A League (Out) Of Her Own

Is Irene Adler over-rated?

I have begun to suspect as much in the wake of "Sherlock Holmes: Game of Shadows." It seems that many of my double-X chromosomed fellow Sherlockians are a bit vexed at Guy Ritchie for allowing the very Canonical "late" in "the late Irene Adler" to be applied by Professor Moriarty in his latest film.

After all, they protest, Holmes said, "I have been beaten four times -- three times by men and once by a woman," and if Irene was smart enough to beat Holmes, surely she was smart enough not to die at Moriarty's hands. I disagree, and here's why:

There's an old sports adage that goes, "Any team can beat any other team on a given day." And Irene Adler was definitely having her day when she beat Sherlock Holmes. Holmes was playing on Irene's home field, he was plainly putting her on a bit of a pedestal from square one, and he really didn't like his client in the case to begin with -- and thus was probably not putting out his best effort.

Sherlock Holmes went on to triumph after triumph, all on the record books courtesy of Dr. Watson. Irene Adler, bless her heart, went on to be "the late Irene Adler" by the very first time we hear of her. Basically, within the confines of the Canon, Irene's reputation hinges on Holmes's fondness for her. Even Watson calls her "dubious and questionable."

Irene Adler was not without a skill set. She was adept at moving among the highest levels of European society. She could hide a valuable object like nobody else. She could even pass as a young man, which is no small acting feat.

Professor Moriarty, however, was a stone cold killer. His genius, as demonstrated more than once, was at having people killed. Sherlock Holmes, we must also note, was very experienced at both avoiding being killed and catching killers. As the BBC series amusingly points out, Sherlock Holmes could think like a killer. He was definitely a match for Professor Moriarty, and vice versa.

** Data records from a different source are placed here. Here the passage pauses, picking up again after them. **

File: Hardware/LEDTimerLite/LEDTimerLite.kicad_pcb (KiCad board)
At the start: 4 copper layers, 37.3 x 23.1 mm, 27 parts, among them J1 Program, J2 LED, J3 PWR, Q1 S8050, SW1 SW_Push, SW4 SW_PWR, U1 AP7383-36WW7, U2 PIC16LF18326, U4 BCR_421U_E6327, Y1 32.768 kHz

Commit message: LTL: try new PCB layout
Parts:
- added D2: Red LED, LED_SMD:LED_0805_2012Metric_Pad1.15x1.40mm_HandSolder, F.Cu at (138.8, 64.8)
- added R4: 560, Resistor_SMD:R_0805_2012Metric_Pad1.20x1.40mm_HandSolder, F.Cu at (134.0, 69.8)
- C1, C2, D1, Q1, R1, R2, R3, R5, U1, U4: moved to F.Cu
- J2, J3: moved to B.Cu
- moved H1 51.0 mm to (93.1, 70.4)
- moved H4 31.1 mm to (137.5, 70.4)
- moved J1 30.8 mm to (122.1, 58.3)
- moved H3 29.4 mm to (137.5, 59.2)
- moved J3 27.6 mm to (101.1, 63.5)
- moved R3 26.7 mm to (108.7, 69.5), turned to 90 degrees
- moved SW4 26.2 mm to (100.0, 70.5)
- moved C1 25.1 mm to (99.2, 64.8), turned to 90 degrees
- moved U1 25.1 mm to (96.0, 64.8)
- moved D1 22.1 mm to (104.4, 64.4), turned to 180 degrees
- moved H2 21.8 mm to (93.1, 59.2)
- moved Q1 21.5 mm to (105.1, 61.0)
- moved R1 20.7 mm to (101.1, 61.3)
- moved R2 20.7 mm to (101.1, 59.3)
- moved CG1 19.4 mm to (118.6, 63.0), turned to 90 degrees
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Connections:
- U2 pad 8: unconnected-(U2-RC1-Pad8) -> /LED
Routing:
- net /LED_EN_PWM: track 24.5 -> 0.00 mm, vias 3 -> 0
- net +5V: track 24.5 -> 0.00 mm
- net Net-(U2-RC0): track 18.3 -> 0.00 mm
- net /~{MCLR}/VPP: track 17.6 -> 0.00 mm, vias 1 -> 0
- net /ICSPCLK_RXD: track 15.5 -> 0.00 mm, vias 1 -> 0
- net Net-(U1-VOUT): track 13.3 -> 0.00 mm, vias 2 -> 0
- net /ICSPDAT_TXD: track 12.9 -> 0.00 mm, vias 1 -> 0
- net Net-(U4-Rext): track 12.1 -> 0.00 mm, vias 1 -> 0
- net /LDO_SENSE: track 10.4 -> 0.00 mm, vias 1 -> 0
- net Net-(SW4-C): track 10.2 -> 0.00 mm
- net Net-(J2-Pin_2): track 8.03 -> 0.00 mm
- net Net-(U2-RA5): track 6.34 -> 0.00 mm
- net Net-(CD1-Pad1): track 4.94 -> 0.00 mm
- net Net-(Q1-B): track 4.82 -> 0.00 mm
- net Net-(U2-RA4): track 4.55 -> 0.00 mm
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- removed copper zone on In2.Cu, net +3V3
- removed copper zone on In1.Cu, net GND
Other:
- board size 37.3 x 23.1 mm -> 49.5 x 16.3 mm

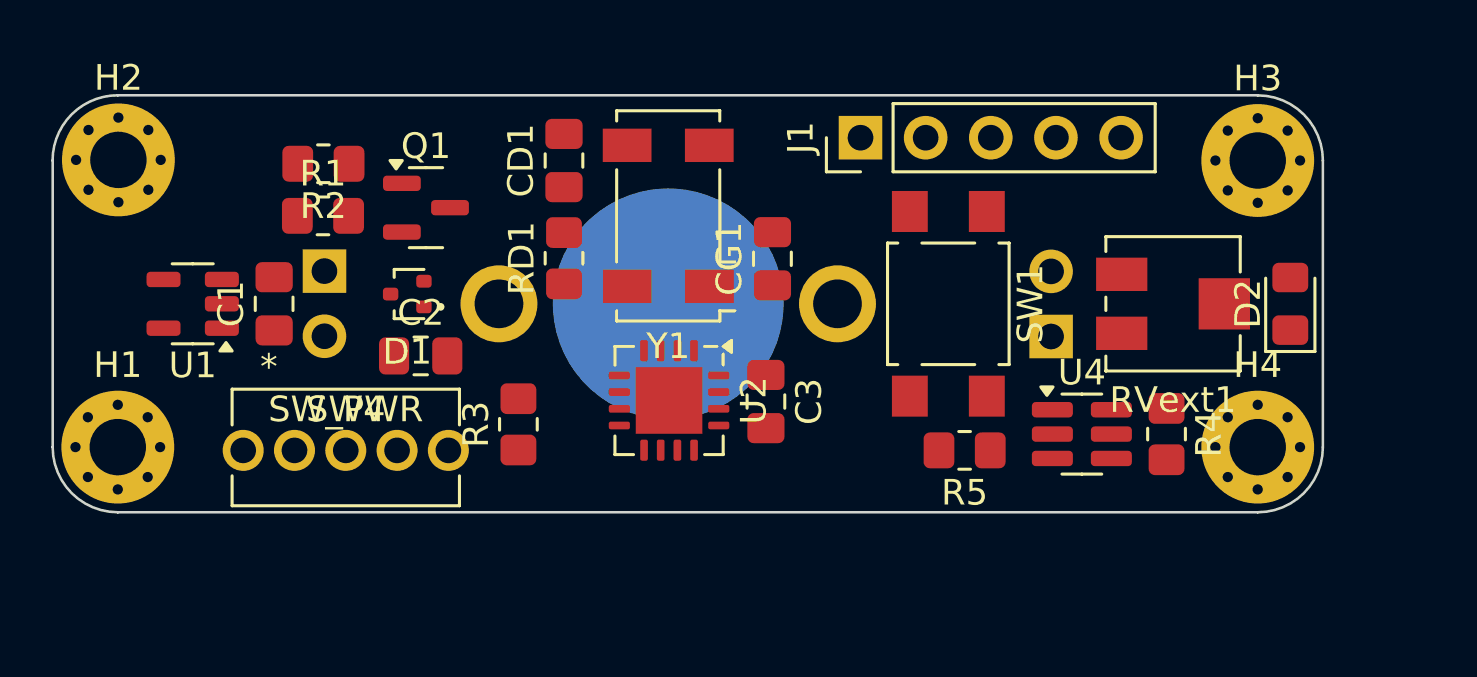
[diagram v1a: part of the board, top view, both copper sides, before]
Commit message: LTL: improve track routing
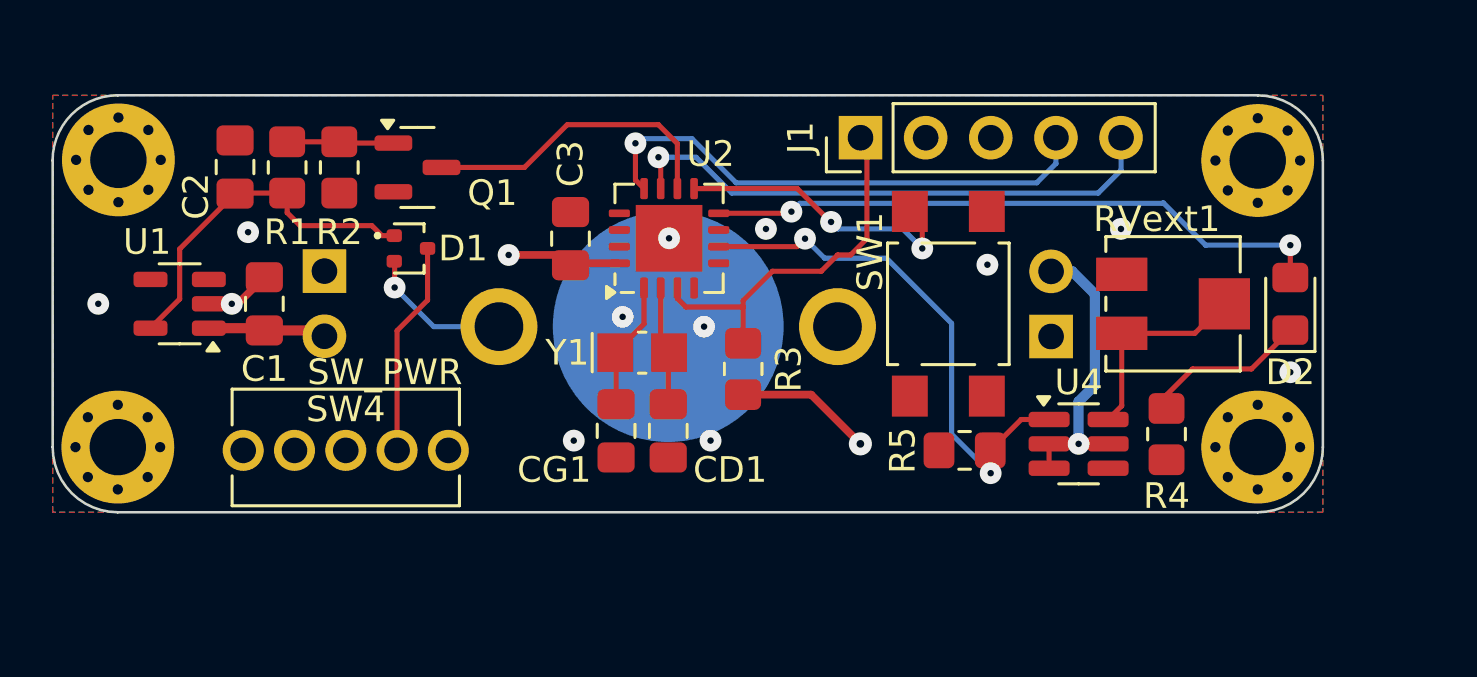
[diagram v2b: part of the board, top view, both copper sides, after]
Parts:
- removed RD1: 220k, Resistor_SMD:R_0805_2012Metric_Pad1.20x1.40mm_HandSolder
- Y1: footprint Crystal:Crystal_SMD_Abracon_ABS25-4Pin_8.0x3.8mm -> Crystal:Crystal_SMD_MicroCrystal_CC8V-T1A-2Pin_2.0x1.2mm_HandSoldering
- moved CD1 11.3 mm to (114.6, 69.7), turned to -90 degrees
- moved C2 10.3 mm to (97.7, 59.4), turned to 90 degrees
- moved C3 9.92 mm to (110.7, 62.2), turned to 90 degrees
- moved CG1 9.07 mm to (112.5, 69.7), turned to -90 degrees
- moved R3 9.03 mm to (117.5, 67.3)
- moved U2 6.32 mm to (114.6, 62.2), turned to 90 degrees
- moved Y1 5.43 mm to (113.5, 66.7), turned to 0 degrees
- moved R1 2.35 mm to (99.7, 59.5), turned to 90 degrees
- moved D1 1.78 mm to (104.5, 62.6), turned to 0 degrees
- moved Q1 1.60 mm to (104.8, 59.5)
- moved BT1 0.89 mm to (114.6, 65.7)
- moved R2 0.64 mm to (101.7, 59.5), turned to -90 degrees
- moved U1 0.51 mm to (95.5, 64.8)
- moved U4 0.40 mm to (130.6, 70.2)
- moved C1 0.38 mm to (98.8, 64.8)
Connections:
- CD1 pad 1: Net-(CD1-Pad1) -> Net-(U2-RA4)
- Y1 pad 2: GND -> Net-(U2-RA4)
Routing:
- net +5V: track 0.00 -> 35.6 mm
- net /LED: track 0.00 -> 24.4 mm, vias 0 -> 2
- net /ICSPCLK_RXD: track 0.00 -> 21.5 mm, vias 0 -> 1
- net /LED_EN_PWM: track 0.00 -> 20.7 mm, vias 0 -> 2
- net /ICSPDAT_TXD: track 0.00 -> 20.4 mm, vias 0 -> 1
- net /~{MCLR}/VPP: track 0.00 -> 14.6 mm
- net Net-(U1-VOUT): track 0.00 -> 14.0 mm
- net /LDO_SENSE: track 0.00 -> 11.9 mm
- net Net-(U2-RC0): track 0.00 -> 11.5 mm, vias 0 -> 2
- net Net-(J2-Pin_2): track 0.00 -> 11.4 mm, vias 0 -> 1
- net +3V3: track 0.00 -> 9.88 mm, vias 0 -> 2
- net Net-(SW4-C): track 0.00 -> 8.37 mm
- net Net-(U4-Rext): track 0.00 -> 8.06 mm
- net Net-(D2-K): track 0.00 -> 6.40 mm
- net Net-(BT1-+): track 0.00 -> 5.73 mm, vias 0 -> 1
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- added copper zone on In2.Cu, net +3V3
- added copper zone on B.Cu, net GND
- added copper zone on F.Cu, net GND
- added copper zone on In1.Cu, net GND

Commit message: LTL: improve track routing
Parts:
- SW4: value SW_PWR -> PWR
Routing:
- net GND: track 1.70 -> 8.03 mm, vias 12 -> 13
- net Net-(U2-RC0): track 11.5 -> 13.2 mm
- net Net-(J2-Pin_2): track 11.4 -> 12.2 mm
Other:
- board text added: "CR1220"
- board text added: "GND"
- board text added: "Input"
- board text added: "LED Timer Lite v1.0 GH: tomikaa87"
- board text added: "MCLR"
- board text added: "OFF"
- board text added: "ON"
- board text added: "Output"
- board text added: "PGM"
- board text added: "RX"
- board text added: "TX"
- board text added: "VCC"
- board text removed: "LED Timer V1"
- board text removed: "github: tomikaa87"

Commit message: LTL: replace BAT54C with 1SS384 (lower Vf)
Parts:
- D1: value BAT54C -> Red LED; footprint Package_TO_SOT_SMD:SOT-416 -> LED_SMD:LED_0805_2012Metric_Pad1.15x1.40mm_HandSolder
- D2: value Red LED -> 1SS384; footprint LED_SMD:LED_0805_2012Metric_Pad1.15x1.40mm_HandSolder -> Package_TO_SOT_SMD:SOT-343_SC-70-4
- SW4: value PWR -> SW_PWR
- moved D1 34.4 mm to (138.8, 64.8), turned to 90 degrees
- moved D2 34.3 mm to (104.5, 63.0), turned to -90 degrees
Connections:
- C2 pad 1: Net-(U1-VOUT) -> Net-(D2B-A)
- D1 pad 1: Net-(U1-VOUT) -> Net-(D1-K)
- D1 pad 2: Net-(BT1-+) -> /LED
- D2 pad 1: Net-(D2-K) -> Net-(BT1-+)
- D2 pad 2: /LED -> Net-(D2B-A)
- R1 pad 1: Net-(U1-VOUT) -> Net-(D2B-A)
- R4 pad 1: Net-(D2-K) -> Net-(D1-K)
- SW4 pad 3: Net-(SW4-C) -> Net-(D2A-K)
- U1 pad 5: Net-(U1-VOUT) -> Net-(D2B-A)
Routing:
- net Net-(U1-VOUT): track 14.0 -> 0.00 mm
- net Net-(D2B-A): track 0.00 -> 13.9 mm
- net Net-(SW4-C): track 8.37 -> 0.00 mm
- net Net-(D2A-K): track 0.00 -> 8.22 mm
- net Net-(D2-K): track 6.40 -> 0.00 mm
- net Net-(D1-K): track 0.00 -> 6.40 mm
- net Net-(BT1-+): track 5.73 -> 5.10 mm, vias 1 -> 0

But Irene Adler, as much as she could trouble either gentleman in the arena of social contracts, reputations, and personal secrets, Irene was not a killer. When the game escalates to kill-or-be-killed, Irene Adler was, to put it bluntly, out of her league.

In fact, I'll take my defense of Guy Ritchie's choice a step further and posit this little thought: It was always Professor Moriarty who killed Irene Adler, even offstage in the original Sherlock Holmes stories.

Think about it. The King of Bohemia comes to Sherlock Holmes to solve the threat that Irene Adler poses to his upcoming marriage. Sherlock Holmes fails, and basically tells the King, "Oh, well, it doesn't matter anyway, you'll be okay." The King has exhausted all options save one. After leaving Holmes, getting a troubled night's sleep and finding himself still unsatisfied in the morning, what might the King have done? Start looking for the most efficient and discrete means of making sure Irene Adler doesn't trouble his marriage. And who's he gonna call?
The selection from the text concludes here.